Reproduce everything from the line that contains "settings RTWCC: Description=Embedded" down to the line that contains "Net Torque Scope : Scope" in the listing below, word for word and nothing more. Leave the pictures out.
::: RECORDS SUPPLIED :::
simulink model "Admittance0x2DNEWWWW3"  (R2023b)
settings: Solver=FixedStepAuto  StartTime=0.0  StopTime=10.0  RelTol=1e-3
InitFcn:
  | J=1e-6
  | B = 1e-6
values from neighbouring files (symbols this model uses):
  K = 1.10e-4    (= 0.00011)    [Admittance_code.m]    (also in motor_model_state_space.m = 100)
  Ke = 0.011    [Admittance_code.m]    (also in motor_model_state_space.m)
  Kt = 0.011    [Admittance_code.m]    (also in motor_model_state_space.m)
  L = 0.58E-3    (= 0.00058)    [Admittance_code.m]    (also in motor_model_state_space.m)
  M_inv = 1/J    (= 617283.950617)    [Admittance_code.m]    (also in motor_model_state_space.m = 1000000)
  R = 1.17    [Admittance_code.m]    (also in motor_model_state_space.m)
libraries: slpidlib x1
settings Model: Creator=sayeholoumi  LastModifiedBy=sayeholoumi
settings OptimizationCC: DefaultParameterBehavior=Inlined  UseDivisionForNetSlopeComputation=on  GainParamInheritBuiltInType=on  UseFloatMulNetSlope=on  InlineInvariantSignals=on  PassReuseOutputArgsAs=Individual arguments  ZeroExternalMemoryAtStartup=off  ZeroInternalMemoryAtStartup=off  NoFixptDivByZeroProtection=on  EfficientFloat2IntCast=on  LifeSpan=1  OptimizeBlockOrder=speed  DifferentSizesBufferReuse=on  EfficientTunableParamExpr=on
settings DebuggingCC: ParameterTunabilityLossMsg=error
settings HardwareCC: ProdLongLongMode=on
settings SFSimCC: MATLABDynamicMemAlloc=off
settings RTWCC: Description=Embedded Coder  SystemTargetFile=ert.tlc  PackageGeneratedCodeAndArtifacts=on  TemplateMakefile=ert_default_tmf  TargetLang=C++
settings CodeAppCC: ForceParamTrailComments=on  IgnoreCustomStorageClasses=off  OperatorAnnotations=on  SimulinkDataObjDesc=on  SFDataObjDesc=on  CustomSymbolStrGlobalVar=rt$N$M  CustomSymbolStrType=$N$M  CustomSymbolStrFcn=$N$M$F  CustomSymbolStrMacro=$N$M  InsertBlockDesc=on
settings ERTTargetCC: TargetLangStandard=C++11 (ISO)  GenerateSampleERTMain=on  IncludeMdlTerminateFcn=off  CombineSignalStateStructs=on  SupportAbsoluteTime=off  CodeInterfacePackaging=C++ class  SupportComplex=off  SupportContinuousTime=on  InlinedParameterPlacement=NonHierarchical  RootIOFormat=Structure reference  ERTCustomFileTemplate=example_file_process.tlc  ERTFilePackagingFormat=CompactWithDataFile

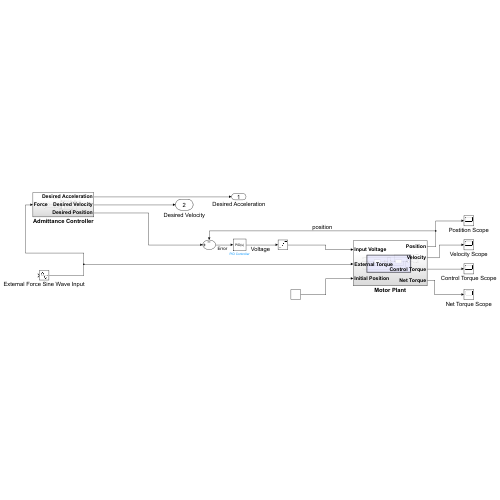
[thumbnail: Simulink's stored preview of the top-level diagram]
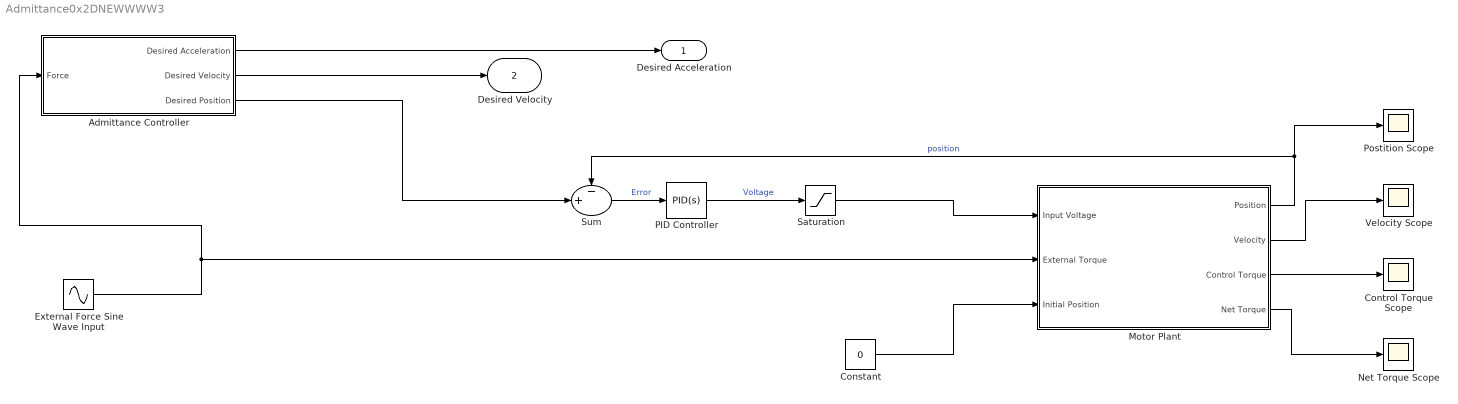
== system Admittance0x2DNEWWWW3 ==
  Admittance Controller : Subsystem
  Constant : Constant  Value=0
  Control Torque Scope : Scope
  External Force Sine Wave Input : Sin  TimeSource=Use external signal  SampleTime=0
  Motor Plant : Subsystem
  Net Torque Scope : Scope
  PID Controller : slpidlib/PID Controller  Controller=PID  Form=Parallel  TimeDomain=Continuous-time  UseExternalTs=off  SampleTime=-1  IntegratorMethod=Forward Euler  FilterMethod=Forward Euler  ControllerParametersSource=internal  P=1  I=1  UseKiTs=off  D=0  N=100  UseFilter=on  TunerSelectOption=Transfer Function Based (PID Tuner App)  InitialConditionSource=internal  InitialConditionForIntegrator=0  InitialConditionForFilter=0  DifferentiatorICPrevScaledInput=0  ExternalReset=none  TrackingMode=off  Kt=1  LimitOutput=off  SatLimitsSource=internal  UpperSaturationLimit=inf  LowerSaturationLimit=-inf  LinearizeAsGain=on  AntiWindupMode=none  Kb=1  LimitIntegrator=off  UpperIntegratorSaturationLimit=inf  LowerIntegratorSaturationLimit=-inf  POutMin=[]  POutMax=[]  IOutMin=[]  IOutMax=[]  DOutMin=[]  DOutMax=[]  NOutMin=[]  NOutMax=[]  SumOutMin=[]  SumOutMax=[]  SaturationOutMin=[]  SaturationOutMax=[]  PParamMin=[]  PParamMax=[]  IParamMin=[]  IParamMax=[]  DParamMin=[]  DParamMax=[]  NParamMin=[]  NParamMax=[]  KbParamMin=[]  KbParamMax=[]  KtParamMin=[]  KtParamMax=[]  KbOutMin=[]  KbOutMax=[]  KtOutMin=[]  KtOutMax=[]  IntegratorOutMin=[]  IntegratorOutMax=[]  FilterOutMin=[]  FilterOutMax=[]  SumI1OutMin=[]  SumI1OutMax=[]  SumI2OutMin=[]  SumI2OutMax=[]  SumI3OutMin=[]  SumI3OutMax=[]  SumI4OutMin=[]  SumI4OutMax=[]  SumDOutMin=[]  SumDOutMax=[]  DifferentiatorOutMin=[]  DifferentiatorOutMax=[]  FilterDiffOutCoefMin=[]  FilterDiffOutCoefMax=[]  ReciprocalOutMin=[]  ReciprocalOutMax=[]  SumDenOutMin=[]  SumDenOutMax=[]  SumNumOutMin=[]  SumNumOutMax=[]  DivideOutMin=[]  DivideOutMax=[]  UdiffTsProdOutMin=[]  UdiffTsProdOutMax=[]  NTsProdOutMin=[]  NTsProdOutMax=[]  UintegralTsProdOutMin=[]  UintegralTsProdOutMax=[]  UngainTsProdOutMin=[]  UngainTsProdOutMax=[]  ClampingZeroOutDataTypeStr=Inherit: Inherit via back propagation  ClampingZeroOutMin=[]  ClampingZeroOutMax=[]  FilterDenConstantOutDataTypeStr=Inherit: Inherit via back propagation  FilterDenConstantOutMin=[]  FilterDenConstantOutMax=[]  PCopyOutDataTypeStr=Inherit: Inherit via back propagation  PCopyOutMin=[]  PCopyOutMax=[]  NCopyOutDataTypeStr=Inherit: Inherit via back propagation  NCopyOutMin=[]  NCopyOutMax=[]  IntegratorContinuousStateAttributes=''  IntegratorStateMustResolveToSignalObject=off  IntegratorRTWStateStorageClass=Auto  FilterContinuousStateAttributes=''  FilterStateMustResolveToSignalObject=off  FilterRTWStateStorageClass=Auto  ParallelPVariant=InternalParameters  IdealPVariant=Disabled  IVariant=InternalParameters  DVariant=InternalParameters  IntegratorVariant=Continuous  SatVariant=Disabled  AWVariant=Passthrough  PCopyVariant=Disabled  TRVariant=Disabled  FdbkBlocksVariant=Forward  IdealPFdbkVariant=Disabled  SatFdbkVariant=Disabled  DerivativeFilterVariant=ContFilter  NVariant=InternalParameters  NCopyVariant=Disabled  FilterICVariant=InternalICsFilter  IntegratorICVariant=InternalICs  ExternalResetVariant=Disabled  TRSumVariant=Passthrough  SumFdbkVariant=Disabled  SumVariant=Sum_PID  TsampFilterVariant=InternalTs  TsampNgainVariant=Passthrough  TsampIntegralVariant=Disabled_SignalSpec  ExternalSaturationOutDataTypeStr=Inherit: Same as second input
  Postition Scope : Scope
  Saturation : Saturate  UpperLimit=12  LowerLimit=-12
  Sum : Sum  Inputs=-+|
  Velocity Scope : Scope
  Desired Acceleration : Outport
  Desired Velocity : Outport  Port=2
  wires:
  Admittance Controller/1(Desired Acceleration) -> Desired Acceleration/1
  Admittance Controller/3(Desired Position) -> Sum/2
  Admittance Controller/2(Desired Velocity) -> Desired Velocity/1
  Constant/1 -> Motor Plant/3(Initial Position)
  External Force Sine Wave Input/1 -> Admittance Controller/1(Force), Motor Plant/2(External Torque)
  Motor Plant/1(Position) -> Postition Scope/1, Sum/1  "position"
  PID Controller/1 -> Saturation/1  "Voltage"
  Motor Plant/4(Net Torque) -> Net Torque Scope/1
  Motor Plant/3(Control Torque) -> Control Torque Scope/1
  Saturation/1 -> Motor Plant/1(Input Voltage)
  Motor Plant/2(Velocity) -> Velocity Scope/1
  Sum/1 -> PID Controller/1  "Error"

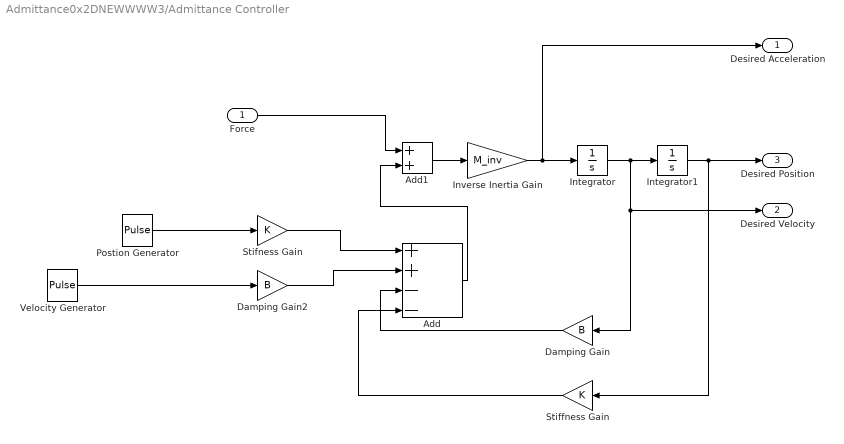
== system Admittance0x2DNEWWWW3/Admittance Controller ==
  Force : Inport
  Add : Sum  Inputs=++--
  Add1 : Sum
  Damping Gain : Gain  Gain=B
  Damping Gain2 : Gain  Gain=B
  Integrator : Integrator
  Integrator1 : Integrator
  Inverse Inertia Gain : Gain  Gain=M_inv
  Postion Generator : DiscretePulseGenerator  PulseType=Time based  Period=10  PulseWidth=5
  "Stiffness Gain " : Gain  Gain=K
  Stifness Gain : Gain  Gain=K
  Velocity Generator : DiscretePulseGenerator  PulseType=Time based  Period=10  PulseWidth=5
  Desired Acceleration : Outport
  Desired Velocity : Outport  Port=2
  Desired Position : Outport  Port=3
  wires:
  Postion Generator/1 -> Stifness Gain/1
  Damping Gain2/1 -> Add/2
  Add/1 -> Add1/2
  Add1/1 -> Inverse Inertia Gain/1
  Damping Gain/1 -> Add/3
  Inverse Inertia Gain/1 -> Desired Acceleration/1, Integrator/1
  "Stiffness Gain "/1 -> Add/4
  Integrator1/1 -> Desired Position/1, "Stiffness Gain "/1
  Stifness Gain/1 -> Add/1
  Force/1 -> Add1/1
  Integrator/1 -> Desired Velocity/1, Damping Gain/1, Integrator1/1
  Velocity Generator/1 -> Damping Gain2/1

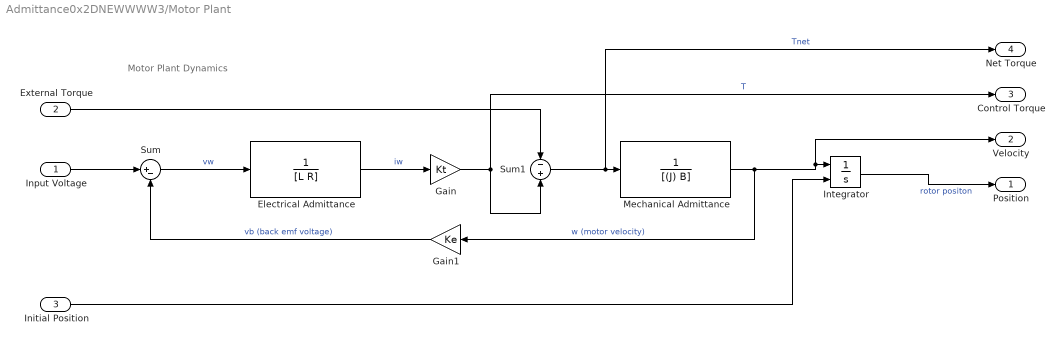
== system Admittance0x2DNEWWWW3/Motor Plant ==
  note: Motor Plant Dynamics
  Input Voltage : Inport
  External Torque : Inport  Port=2
  Initial Position : Inport  Port=3
  Electrical Admittance : TransferFcn  Denominator=[L R]
  Gain : Gain  Gain=Kt
  Gain1 : Gain  Gain=Ke
  Integrator : Integrator  InitialConditionSource=external
  Mechanical Admittance : TransferFcn  Denominator=[(J) B]
  Sum : Sum  Inputs=|+-
  Sum1 : Sum  Inputs=-+
  Position : Outport
  Velocity : Outport  Port=2
  Control Torque : Outport  Port=3
  Net Torque : Outport  Port=4
  wires:
  Input Voltage/1 -> Sum/1
  Mechanical Admittance/1 -> Velocity/1, Integrator/1, Gain1/1  "w (motor velocity)"
  Gain1/1 -> Sum/2  "vb (back emf voltage)"
  Integrator/1 -> Position/1  "rotor positon"
  Gain/1 -> Control Torque/1, Sum1/2  "T"
  Electrical Admittance/1 -> Gain/1  "iw"
  Sum/1 -> Electrical Admittance/1  "vw"
  Sum1/1 -> Net Torque/1, Mechanical Admittance/1  "Tnet"
  External Torque/1 -> Sum1/1
  Initial Position/1 -> Integrator/2
:::
• _YOUR SOLUTION_:
settings RTWCC: Description=Embedded Coder  SystemTargetFile=ert.tlc  PackageGeneratedCodeAndArtifacts=on  TemplateMakefile=ert_default_tmf  TargetLang=C++
settings CodeAppCC: ForceParamTrailComments=on  IgnoreCustomStorageClasses=off  OperatorAnnotations=on  SimulinkDataObjDesc=on  SFDataObjDesc=on  CustomSymbolStrGlobalVar=rt$N$M  CustomSymbolStrType=$N$M  CustomSymbolStrFcn=$N$M$F  CustomSymbolStrMacro=$N$M  InsertBlockDesc=on
settings ERTTargetCC: TargetLangStandard=C++11 (ISO)  GenerateSampleERTMain=on  IncludeMdlTerminateFcn=off  CombineSignalStateStructs=on  SupportAbsoluteTime=off  CodeInterfacePackaging=C++ class  SupportComplex=off  SupportContinuousTime=on  InlinedParameterPlacement=NonHierarchical  RootIOFormat=Structure reference  ERTCustomFileTemplate=example_file_process.tlc  ERTFilePackagingFormat=CompactWithDataFile

[thumbnail: Simulink's stored preview of the top-level diagram]
== system Admittance0x2DNEWWWW3 ==
  Admittance Controller : Subsystem
  Constant : Constant  Value=0
  Control Torque Scope : Scope
  External Force Sine Wave Input : Sin  TimeSource=Use external signal  SampleTime=0
  Motor Plant : Subsystem
  Net Torque Scope : Scope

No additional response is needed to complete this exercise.